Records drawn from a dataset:
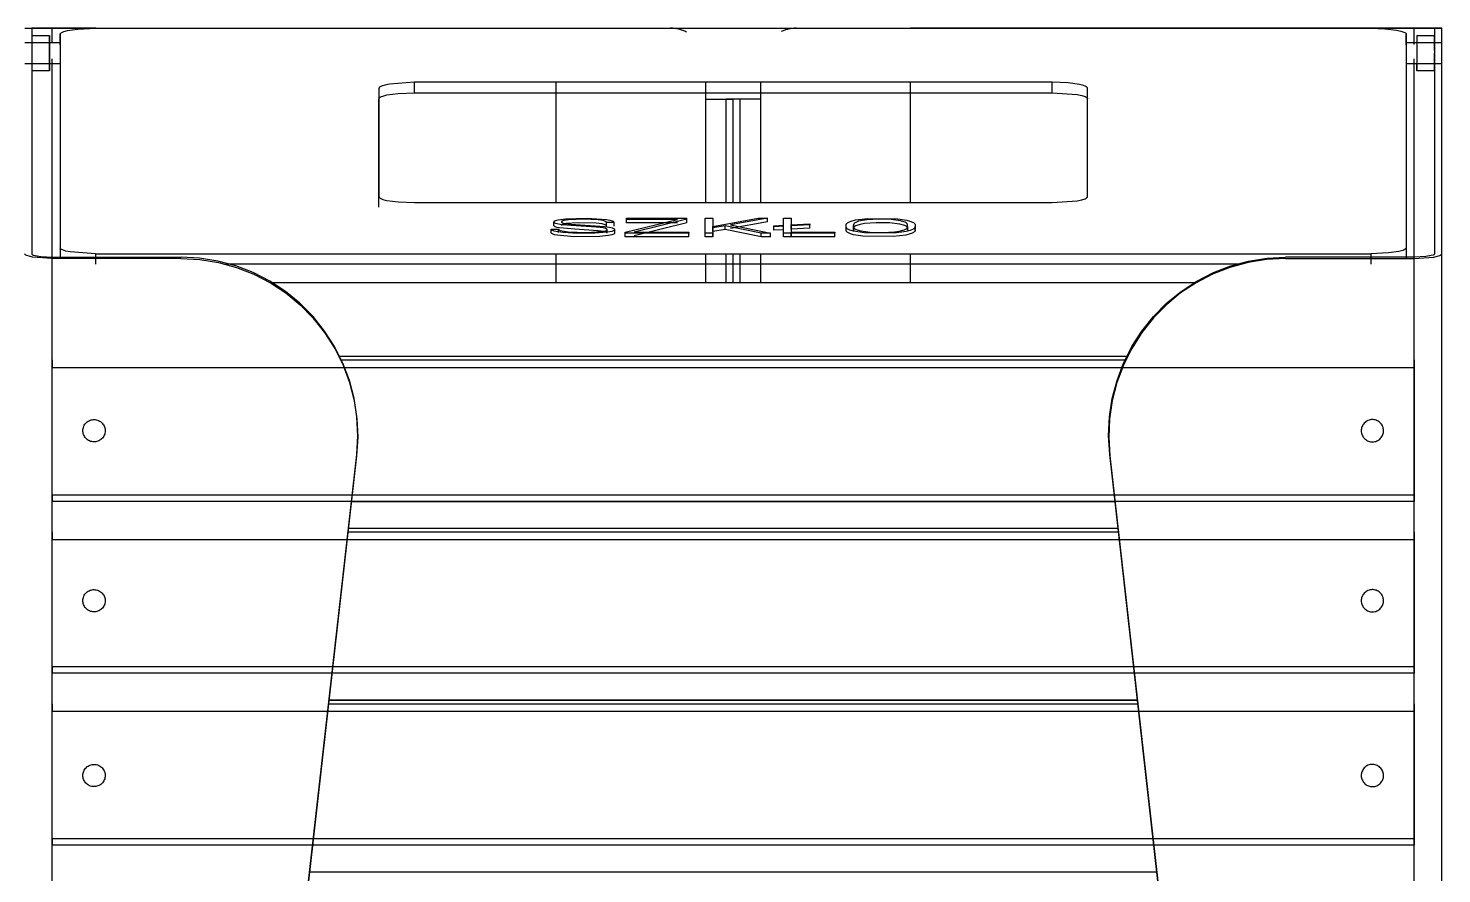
# Model space of a CAD drawing. Header units: millimetres. Extents: x 10366 to 28454, y 24552 to 29702.
# Drawn here: x 12688.7 to 13087.7, y 28046.9 to 28285.6 of the extents above; entities that cross this region are included whole.
import ezdxf

# ---------------------------------------------------------------- set-up
doc = ezdxf.new("R2010")
doc.units = ezdxf.units.MM
doc.header["$LTSCALE"] = 3
doc.layers.add('DomyÅ›lny', color=7, linetype='Continuous')

msp = doc.modelspace()

# ---------------------------------------------------------------- linework, layer by layer
at = {"layer": 'DomyÅ›lny'}
for p, q in [((12687.67, 28285.6), (12689.67, 28285.6)), ((12689.67, 28285.6), (12689.67, 28221.94)), ((12707.78, 28285.6), (12695.43, 28285.6)), ((12695.43, 28281.6), (12695.43, 28285.6)), ((12695.43, 28285.6), (12837.67, 28285.6)), ((12707.67, 28285.6), (13067.67, 28285.6)), ((13079.91, 28285.6), (12937.67, 28285.6)), ((13067.55, 28285.6), (13079.91, 28285.6)), ((13079.91, 28281.04), (13079.91, 28285.6)), ((13085.67, 28285.6), (13087.67, 28285.6)), ((13085.67, 28285.6), (13085.67, 28221.94)), ((13087.67, 28221.94), (13087.67, 28285.6)), ((13087.67, 27511.83), (13087.67, 28285.6)), ((12687.67, 28281.6), (12697.67, 28281.6)), ((12689.67, 28283.59), (12694.67, 28283.59)), ((12689.67, 28281.6), (12694.67, 28281.6)), ((12697.67, 28283.9), (12697.67, 28223.64)), ((12697.67, 28280.94), (12697.67, 28283.9)), ((13077.67, 28283.9), (13077.67, 28223.64)), ((13077.67, 28280.94), (13077.67, 28283.9)), ((13077.67, 28281.6), (13087.67, 28281.6)), ((13080.67, 28283.59), (13085.67, 28283.59)), ((13080.67, 28281.6), (13085.67, 28281.6)), ((12697.67, 28275.6), (12687.67, 28275.6)), ((12694.67, 28275.6), (12689.67, 28275.6)), ((12694.67, 28273.6), (12689.67, 28273.6)), ((12695.43, 28220.62), (12695.43, 28276.95)), ((13087.67, 28275.6), (13077.67, 28275.6)), ((13079.91, 28220.62), (13079.91, 28276.95)), ((13085.67, 28275.6), (13080.67, 28275.6)), ((13085.67, 28273.6), (13080.67, 28273.6)), ((12977.67, 28270.34), (12797.67, 28270.34)), ((12797.67, 28267.38), (12797.67, 28270.34)), ((12837.67, 28236.39), (12837.67, 28270.34)), ((12879.91, 28265.6), (12879.91, 28270.34)), ((12879.91, 28265.6), (12879.91, 28270.34)), ((12895.43, 28265.6), (12895.43, 28270.34)), ((12895.43, 28265.6), (12895.43, 28270.34)), ((12937.67, 28236.39), (12937.67, 28270.34)), ((12977.67, 28267.38), (12977.67, 28270.34)), ((12787.67, 28268.64), (12787.67, 28238.08)), ((12787.67, 28235.13), (12787.67, 28265.69)), ((12797.67, 28267.38), (12977.67, 28267.38)), ((12879.91, 28236.39), (12879.91, 28265.6)), ((12887.67, 28265.6), (12885.67, 28265.6)), ((12885.67, 28236.39), (12885.67, 28265.6)), ((12887.67, 28236.39), (12887.67, 28265.6)), ((12887.67, 28236.39), (12887.67, 28265.6)), ((12889.67, 28265.6), (12887.67, 28265.6)), ((12889.67, 28236.39), (12889.67, 28265.6)), ((12895.43, 28236.39), (12895.43, 28265.6)), ((12987.67, 28238.08), (12987.67, 28268.64)), ((12797.67, 28236.39), (12977.67, 28236.39)), ((12837.05, 28229.93), (12837.05, 28230.92)), ((12851.9, 28229.76), (12851.9, 28230.75)), ((12854.03, 28230.75), (12851.9, 28230.75)), ((12854.03, 28229.76), (12854.03, 28230.75)), ((12857.12, 28227.99), (12871.96, 28231.65)), ((12857.57, 28231.95), (12874.57, 28231.95)), ((12857.57, 28230.97), (12857.57, 28231.95)), ((12871.96, 28231.65), (12857.57, 28231.65)), ((12857.57, 28230.66), (12857.57, 28231.65)), ((12871.96, 28230.66), (12857.57, 28230.66)), ((12874.57, 28231.7), (12859.68, 28228.02)), ((12874.57, 28230.71), (12859.68, 28227.04)), ((12874.57, 28230.97), (12874.57, 28231.95)), ((12874.57, 28230.71), (12874.57, 28231.7)), ((12879.77, 28227.72), (12879.77, 28231.95)), ((12879.77, 28231.95), (12881.88, 28231.95)), ((12879.77, 28226.73), (12879.77, 28230.97)), ((12881.88, 28231.95), (12881.88, 28229.67)), ((12881.88, 28229.67), (12894.69, 28231.95)), ((12885.4, 28229.82), (12881.88, 28229.23)), ((12881.88, 28228.68), (12881.88, 28229.67)), ((12895.58, 28227.72), (12885.4, 28229.82)), ((12885.4, 28228.83), (12885.4, 28229.82)), ((12897.35, 28231.95), (12886.88, 28230.07)), ((12897.35, 28230.97), (12886.88, 28229.08)), ((12886.88, 28230.07), (12898.16, 28227.72)), ((12894.69, 28231.95), (12897.35, 28231.95)), ((12897.35, 28230.97), (12897.35, 28231.95)), ((12899.15, 28229.83), (12901.89, 28229.98)), ((12899.15, 28228.85), (12899.15, 28229.83)), ((12901.89, 28229.72), (12899.15, 28229.57)), ((12899.15, 28228.58), (12899.15, 28229.57)), ((12901.89, 28229.98), (12901.89, 28231.95)), ((12901.89, 28231.95), (12904.01, 28231.95)), ((12901.89, 28228.99), (12901.89, 28229.98)), ((12901.89, 28227.72), (12901.89, 28229.72)), ((12901.89, 28228.73), (12901.89, 28229.72)), ((12904.01, 28231.95), (12904.01, 28230.09)), ((12904.01, 28230.09), (12909.29, 28230.38)), ((12909.29, 28230.11), (12904.01, 28229.83)), ((12904.01, 28229.11), (12904.01, 28230.09)), ((12904.01, 28229.83), (12904.01, 28228.02)), ((12904.01, 28228.85), (12904.01, 28229.83)), ((12909.29, 28230.38), (12909.29, 28230.11)), ((12909.29, 28229.39), (12909.29, 28230.38)), ((12909.29, 28229.13), (12909.29, 28230.11)), ((12919.52, 28229.07), (12919.52, 28230.06)), ((12919.52, 28228.64), (12919.52, 28229.62)), ((12921.63, 28229.06), (12921.63, 28230.05)), ((12921.63, 28228.62), (12921.63, 28229.61)), ((12936.9, 28229.62), (12936.9, 28228.63)), ((12939.01, 28228.62), (12939.01, 28229.61)), ((12939.02, 28229.86), (12939.02, 28228.87)), ((12836.26, 28227.94), (12836.26, 28228.93)), ((12836.26, 28228.93), (12838.37, 28228.93)), ((12838.37, 28227.94), (12838.37, 28228.93)), ((12852.06, 28227.77), (12852.06, 28228.76)), ((12854.19, 28228.77), (12854.19, 28227.78)), ((12857.12, 28227.72), (12857.12, 28227.99)), ((12857.12, 28227), (12857.12, 28227.99)), ((12875.12, 28227.72), (12857.12, 28227.72)), ((12857.12, 28226.73), (12857.12, 28227.72)), ((12875.12, 28226.73), (12857.12, 28226.73)), ((12859.68, 28228.02), (12875.12, 28228.02)), ((12875.12, 28228.02), (12875.12, 28227.72)), ((12875.12, 28227.04), (12875.12, 28228.02)), ((12875.12, 28226.73), (12875.12, 28227.72)), ((12881.88, 28227.72), (12879.77, 28227.72)), ((12879.77, 28226.73), (12879.77, 28227.72)), ((12881.88, 28226.73), (12879.77, 28226.73)), ((12881.88, 28229.23), (12881.88, 28227.72)), ((12881.88, 28228.25), (12881.88, 28229.23)), ((12885.4, 28228.83), (12881.88, 28228.25)), ((12881.88, 28228.25), (12881.88, 28226.73)), ((12881.88, 28226.73), (12881.88, 28227.72)), ((12895.58, 28226.73), (12885.4, 28228.83)), ((12898.16, 28227.72), (12895.58, 28227.72)), ((12895.58, 28226.73), (12895.58, 28227.72)), ((12898.16, 28226.73), (12895.58, 28226.73)), ((12898.16, 28226.73), (12898.16, 28227.72)), ((12899.15, 28228.58), (12899.15, 28228.85)), ((12901.89, 28228.73), (12899.15, 28228.58)), ((12901.89, 28226.73), (12901.89, 28228.73)), ((12916.34, 28227.72), (12901.89, 28227.72)), ((12901.89, 28226.73), (12901.89, 28227.72)), ((12916.34, 28226.73), (12901.89, 28226.73)), ((12909.29, 28229.13), (12904.01, 28228.85)), ((12904.01, 28228.85), (12904.01, 28227.04)), ((12904.01, 28228.02), (12916.34, 28228.02)), ((12904.01, 28227.04), (12904.01, 28228.02)), ((12916.34, 28228.02), (12916.34, 28227.72)), ((12916.34, 28227.04), (12916.34, 28228.02)), ((12916.34, 28226.73), (12916.34, 28227.72)), ((12697.67, 28223.64), (12697.67, 28220.68)), ((12707.67, 28221.94), (13067.67, 28221.94)), ((12707.67, 28221.94), (12707.67, 28218.99)), ((12837.67, 28213.83), (12837.67, 28221.94)), ((12879.91, 28213.83), (12879.91, 28221.94)), ((12885.67, 28213.83), (12885.67, 28221.94)), ((12887.67, 28213.83), (12887.67, 28221.94)), ((12887.67, 28213.83), (12887.67, 28221.94)), ((12889.67, 28213.83), (12889.67, 28221.94)), ((12895.43, 28213.83), (12895.43, 28221.94)), ((12937.67, 28213.83), (12937.67, 28221.94)), ((13067.67, 28221.94), (13067.67, 28218.99)), ((13077.67, 28223.64), (13077.67, 28220.68)), ((13087.67, 27511.83), (13087.67, 28221.94)), ((12695.43, 28220.96), (12731.79, 28220.96)), ((12731.75, 28220.62), (12695.43, 28220.62)), ((12695.43, 27511.83), (12695.43, 28220.62)), ((13030.93, 28218.99), (12744.41, 28218.99)), ((13079.91, 28220.96), (13043.54, 28220.96)), ((13043.58, 28220.62), (13079.91, 28220.62)), ((13079.91, 27511.83), (13079.91, 28220.62)), ((12756.86, 28213.83), (13018.47, 28213.83)), ((12756.86, 28213.83), (13018.47, 28213.83)), ((12695.43, 28153.92), (12695.43, 28189.84)), ((12695.43, 28189.84), (13079.91, 28189.84)), ((12776.37, 28193.01), (12998.97, 28193.01)), ((12776.37, 28193), (12998.97, 28193)), ((12776.87, 28191.97), (12998.47, 28191.97)), ((13079.91, 28189.84), (13079.91, 28153.92)), ((12708.67, 27520.71), (12781.38, 28165.24)), ((12781.34, 28164.9), (12708.67, 27520.71)), ((13066.67, 27520.71), (12993.95, 28165.24)), ((12993.99, 28164.9), (12993.95, 28165.24)), ((12993.99, 28164.9), (13066.67, 27520.71)), ((12695.43, 28153.92), (13079.91, 28153.92)), ((13079.91, 28152.05), (12695.43, 28152.05)), ((12779.89, 28152.05), (12995.44, 28152.05)), ((12778.92, 28143.45), (12996.41, 28143.45)), ((12779.04, 28144.49), (12996.3, 28144.49)), ((12779.04, 28144.48), (12996.3, 28144.48)), ((12695.43, 28105.4), (12695.43, 28141.32)), ((12695.43, 28141.32), (13079.91, 28141.32)), ((13079.91, 28141.32), (13079.91, 28105.4)), ((12695.43, 28105.4), (13079.91, 28105.4)), ((13079.91, 28103.53), (12695.43, 28103.53)), ((12773.45, 28094.93), (13001.89, 28094.93)), ((12773.57, 28095.97), (13001.77, 28095.97)), ((12773.57, 28095.96), (13001.77, 28095.96)), ((12695.43, 28056.88), (12695.43, 28092.8)), ((12695.43, 28092.8), (13079.91, 28092.8)), ((13079.91, 28092.8), (13079.91, 28056.88)), ((12695.43, 28056.88), (13079.91, 28056.88)), ((13079.91, 28055.01), (12695.43, 28055.01)), ((12768.09, 28047.45), (13007.24, 28047.45)), ((12768.09, 28047.44), (13007.24, 28047.44))]:
    msp.add_line(p, q, dxfattribs=at)
for points in [[(12687.67, 28285.6, 0), (12687.67, 28285.6, 0), (12687.67, 28285.6, 0), (12687.67, 28285.6, 0), (12687.67, 28285.6, 0), (12687.67, 28285.6, 0), (12687.67, 28285.6, 0), (12687.67, 28285.6, 0), (12687.67, 28285.6, 0), (12687.67, 28285.6, 0), (12687.67, 28285.6, 0), (12687.68, 28285.6, 0), (12687.73, 28285.6, 0), (12688.24, 28285.6, 0), (12690.63, 28285.6, 0), (12695.43, 28285.6, 0)], [(12695.43, 28285.6, 0), (12689.67, 28285.6, 0)], [(12697.67, 28283.9, 0), (12697.67, 28283.94, 0), (12697.68, 28283.98, 0), (12697.7, 28284.03, 0), (12697.72, 28284.07, 0), (12697.75, 28284.11, 0), (12697.78, 28284.16, 0), (12697.87, 28284.24, 0), (12697.98, 28284.32, 0), (12698.29, 28284.49, 0), (12698.67, 28284.64, 0), (12699.71, 28284.93, 0), (12702.61, 28285.36, 0), (12707.67, 28285.6, 0)], [(13067.67, 28285.6, 0), (13071.62, 28285.46, 0), (13074.88, 28285.07, 0), (13076.09, 28284.81, 0), (13076.98, 28284.52, 0), (13077.28, 28284.37, 0), (13077.4, 28284.29, 0), (13077.5, 28284.21, 0), (13077.58, 28284.13, 0), (13077.61, 28284.09, 0), (13077.63, 28284.05, 0), (13077.65, 28284.02, 0), (13077.66, 28283.98, 0), (13077.67, 28283.94, 0), (13077.67, 28283.9, 0)], [(13087.67, 28285.6, 0), (13087.67, 28285.6, 0), (13087.67, 28285.6, 0), (13087.67, 28285.6, 0), (13087.67, 28285.6, 0), (13087.67, 28285.6, 0), (13087.67, 28285.6, 0), (13087.67, 28285.6, 0), (13087.67, 28285.6, 0), (13087.67, 28285.6, 0), (13087.66, 28285.6, 0), (13087.65, 28285.6, 0), (13087.61, 28285.6, 0), (13087.09, 28285.6, 0), (13084.71, 28285.6, 0), (13079.91, 28285.6, 0)], [(13079.91, 28285.6, 0), (13085.67, 28285.6, 0)], [(12689.67, 28283.59, 0), (12689.67, 28283.59, 0), (12689.67, 28283.59, 0), (12689.67, 28283.59, 0), (12689.67, 28283.59, 0), (12689.67, 28283.59, 0), (12689.67, 28283.59, 0), (12689.67, 28283.59, 0), (12689.67, 28283.59, 0), (12689.67, 28283.59, 0), (12689.67, 28283.59, 0), (12689.67, 28283.59, 0), (12689.67, 28283.59, 0), (12689.67, 28283.56, 0), (12689.67, 28283.45, 0), (12689.67, 28282.98, 0), (12689.67, 28273.6, 0)], [(12694.67, 28281.6, 0), (12694.67, 28281.6, 0), (12694.67, 28281.6, 0), (12694.67, 28281.6, 0), (12694.67, 28281.6, 0), (12694.67, 28281.6, 0), (12694.67, 28281.6, 0), (12694.67, 28281.6, 0), (12694.67, 28281.6, 0), (12694.67, 28281.59, 0), (12694.67, 28281.59, 0), (12694.67, 28281.59, 0), (12694.67, 28281.57, 0), (12694.67, 28281.51, 0), (12694.67, 28281.23, 0), (12694.67, 28275.6, 0)], [(13080.67, 28283.59, 0), (13080.67, 28283.59, 0), (13080.67, 28283.59, 0), (13080.67, 28283.59, 0), (13080.67, 28283.59, 0), (13080.67, 28283.59, 0), (13080.67, 28283.59, 0), (13080.67, 28283.59, 0), (13080.67, 28283.59, 0), (13080.67, 28283.59, 0), (13080.67, 28283.59, 0), (13080.67, 28283.59, 0), (13080.67, 28283.58, 0), (13080.67, 28283.54, 0), (13080.67, 28283.35, 0), (13080.67, 28282.55, 0), (13080.67, 28276.6, 0), (13080.67, 28273.62, 0), (13080.67, 28273.6, 0), (13080.67, 28273.6, 0), (13080.67, 28273.6, 0), (13080.67, 28273.6, 0), (13080.67, 28273.6, 0), (13080.67, 28273.6, 0), (13080.67, 28273.6, 0), (13080.67, 28273.6, 0), (13080.67, 28273.6, 0), (13080.67, 28273.6, 0), (13080.67, 28273.6, 0), (13080.67, 28273.6, 0), (13080.67, 28273.6, 0), (13080.67, 28273.6, 0), (13080.67, 28273.6, 0), (13080.67, 28273.6, 0), (13080.67, 28273.6, 0), (13080.67, 28273.6, 0), (13080.67, 28273.6, 0), (13080.67, 28273.61, 0), (13080.67, 28273.65, 0), (13080.67, 28273.84, 0), (13080.67, 28275.6, 0)], [(13080.67, 28281.6, 0), (13080.67, 28281.6, 0), (13080.67, 28281.6, 0), (13080.67, 28281.6, 0), (13080.67, 28281.6, 0), (13080.67, 28281.6, 0), (13080.67, 28281.6, 0), (13080.67, 28281.6, 0), (13080.67, 28281.6, 0), (13080.67, 28281.59, 0), (13080.67, 28281.59, 0), (13080.67, 28281.59, 0), (13080.67, 28281.57, 0), (13080.67, 28281.51, 0), (13080.67, 28281.23, 0), (13080.67, 28275.6, 0)], [(13085.67, 28279.41, 0), (13085.67, 28282.65, 0), (13085.67, 28283.46, 0), (13085.67, 28283.59, 0), (13085.67, 28283.59, 0), (13085.67, 28283.59, 0), (13085.67, 28283.59, 0), (13085.67, 28283.59, 0), (13085.67, 28283.59, 0), (13085.67, 28283.59, 0), (13085.67, 28283.59, 0), (13085.67, 28283.59, 0), (13085.67, 28283.59, 0), (13085.67, 28283.59, 0), (13085.67, 28283.59, 0), (13085.67, 28283.59, 0), (13085.67, 28283.59, 0), (13085.67, 28283.59, 0), (13085.67, 28283.59, 0), (13085.67, 28283.59, 0), (13085.67, 28283.59, 0), (13085.67, 28283.59, 0), (13085.67, 28283.56, 0), (13085.67, 28283.46, 0), (13085.67, 28283.01, 0), (13085.67, 28274.56, 0), (13085.67, 28273.61, 0), (13085.67, 28273.6, 0), (13085.67, 28273.6, 0), (13085.67, 28273.6, 0), (13085.67, 28273.6, 0), (13085.67, 28273.6, 0), (13085.67, 28273.6, 0), (13085.67, 28273.6, 0), (13085.67, 28273.6, 0), (13085.67, 28273.6, 0), (13085.67, 28273.6, 0), (13085.67, 28273.6, 0), (13085.67, 28273.6, 0), (13085.67, 28273.6, 0), (13085.67, 28273.6, 0), (13085.67, 28273.6, 0), (13085.67, 28273.6, 0), (13085.67, 28273.63, 0), (13085.67, 28273.73, 0), (13085.67, 28274.18, 0), (13085.67, 28278.6, 0)], [(12797.67, 28270.34, 0), (12790.6, 28269.84, 0), (12789.3, 28269.57, 0), (12788.37, 28269.27, 0), (12788.05, 28269.11, 0), (12787.93, 28269.03, 0), (12787.83, 28268.95, 0), (12787.76, 28268.87, 0), (12787.73, 28268.83, 0), (12787.71, 28268.8, 0), (12787.69, 28268.76, 0), (12787.68, 28268.72, 0), (12787.67, 28268.68, 0), (12787.67, 28268.64, 0)], [(12987.67, 28268.64, 0), (12987.67, 28268.68, 0), (12987.66, 28268.72, 0), (12987.65, 28268.76, 0), (12987.63, 28268.8, 0), (12987.6, 28268.83, 0), (12987.58, 28268.87, 0), (12987.5, 28268.95, 0), (12987.4, 28269.03, 0), (12987.28, 28269.11, 0), (12986.97, 28269.27, 0), (12986.55, 28269.42, 0), (12985.43, 28269.71, 0), (12982.26, 28270.15, 0), (12977.67, 28270.34, 0)], [(12787.67, 28265.69, 0), (12787.67, 28265.72, 0), (12787.68, 28265.76, 0), (12787.69, 28265.8, 0), (12787.71, 28265.84, 0), (12787.73, 28265.88, 0), (12787.76, 28265.92, 0), (12787.83, 28266, 0), (12787.93, 28266.07, 0), (12788.05, 28266.15, 0), (12788.37, 28266.31, 0), (12788.78, 28266.47, 0), (12789.9, 28266.76, 0), (12793.07, 28267.19, 0), (12797.67, 28267.38, 0)], [(12879.91, 28265.6, 0), (12887.67, 28265.6, 0)], [(12879.91, 28265.6, 0), (12885.67, 28265.6, 0)], [(12895.43, 28265.6, 0), (12887.67, 28265.6, 0)], [(12895.43, 28265.6, 0), (12889.67, 28265.6, 0)], [(12977.67, 28267.38, 0), (12984.74, 28266.89, 0), (12986.04, 28266.62, 0), (12986.97, 28266.31, 0), (12987.28, 28266.15, 0), (12987.4, 28266.07, 0), (12987.5, 28266, 0), (12987.58, 28265.92, 0), (12987.6, 28265.88, 0), (12987.63, 28265.84, 0), (12987.65, 28265.8, 0), (12987.66, 28265.76, 0), (12987.67, 28265.72, 0), (12987.67, 28265.69, 0)], [(12787.67, 28238.08, 0), (12787.67, 28238.05, 0), (12787.68, 28238.01, 0), (12787.69, 28237.97, 0), (12787.71, 28237.93, 0), (12787.73, 28237.89, 0), (12787.76, 28237.85, 0), (12787.83, 28237.78, 0), (12787.93, 28237.7, 0), (12788.05, 28237.62, 0), (12788.37, 28237.46, 0), (12788.78, 28237.3, 0), (12789.9, 28237.01, 0), (12793.07, 28236.58, 0), (12797.67, 28236.39, 0)], [(12977.67, 28236.39, 0), (12984.74, 28236.88, 0), (12986.04, 28237.16, 0), (12986.97, 28237.46, 0), (12987.28, 28237.62, 0), (12987.4, 28237.7, 0), (12987.5, 28237.78, 0), (12987.58, 28237.85, 0), (12987.6, 28237.89, 0), (12987.63, 28237.93, 0), (12987.65, 28237.97, 0), (12987.66, 28238.01, 0), (12987.67, 28238.05, 0), (12987.67, 28238.08, 0)], [(12851.9, 28230.75, 0), (12851.9, 28230.77, 0), (12851.9, 28230.79, 0), (12851.89, 28230.81, 0), (12851.88, 28230.83, 0), (12851.87, 28230.85, 0), (12851.84, 28230.9, 0), (12851.81, 28230.94, 0), (12851.76, 28230.98, 0), (12851.7, 28231.02, 0), (12851.56, 28231.09, 0), (12851.38, 28231.17, 0), (12850.91, 28231.3, 0), (12849.53, 28231.52, 0), (12845.45, 28231.7, 0), (12841.16, 28231.52, 0), (12839.83, 28231.3, 0), (12839.61, 28231.24, 0), (12839.43, 28231.17, 0), (12839.31, 28231.1, 0), (12839.26, 28231.07, 0), (12839.22, 28231.03, 0), (12839.21, 28231.01, 0), (12839.2, 28230.99, 0), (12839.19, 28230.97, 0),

EXERCISE: Single out each line of the records above with the string "DomyÅ" in it, and copy it.

SOLUTION FOR THIS TASK:
doc.layers.add('DomyÅ›lny', color=7, linetype='Continuous')
at = {"layer": 'DomyÅ›lny'}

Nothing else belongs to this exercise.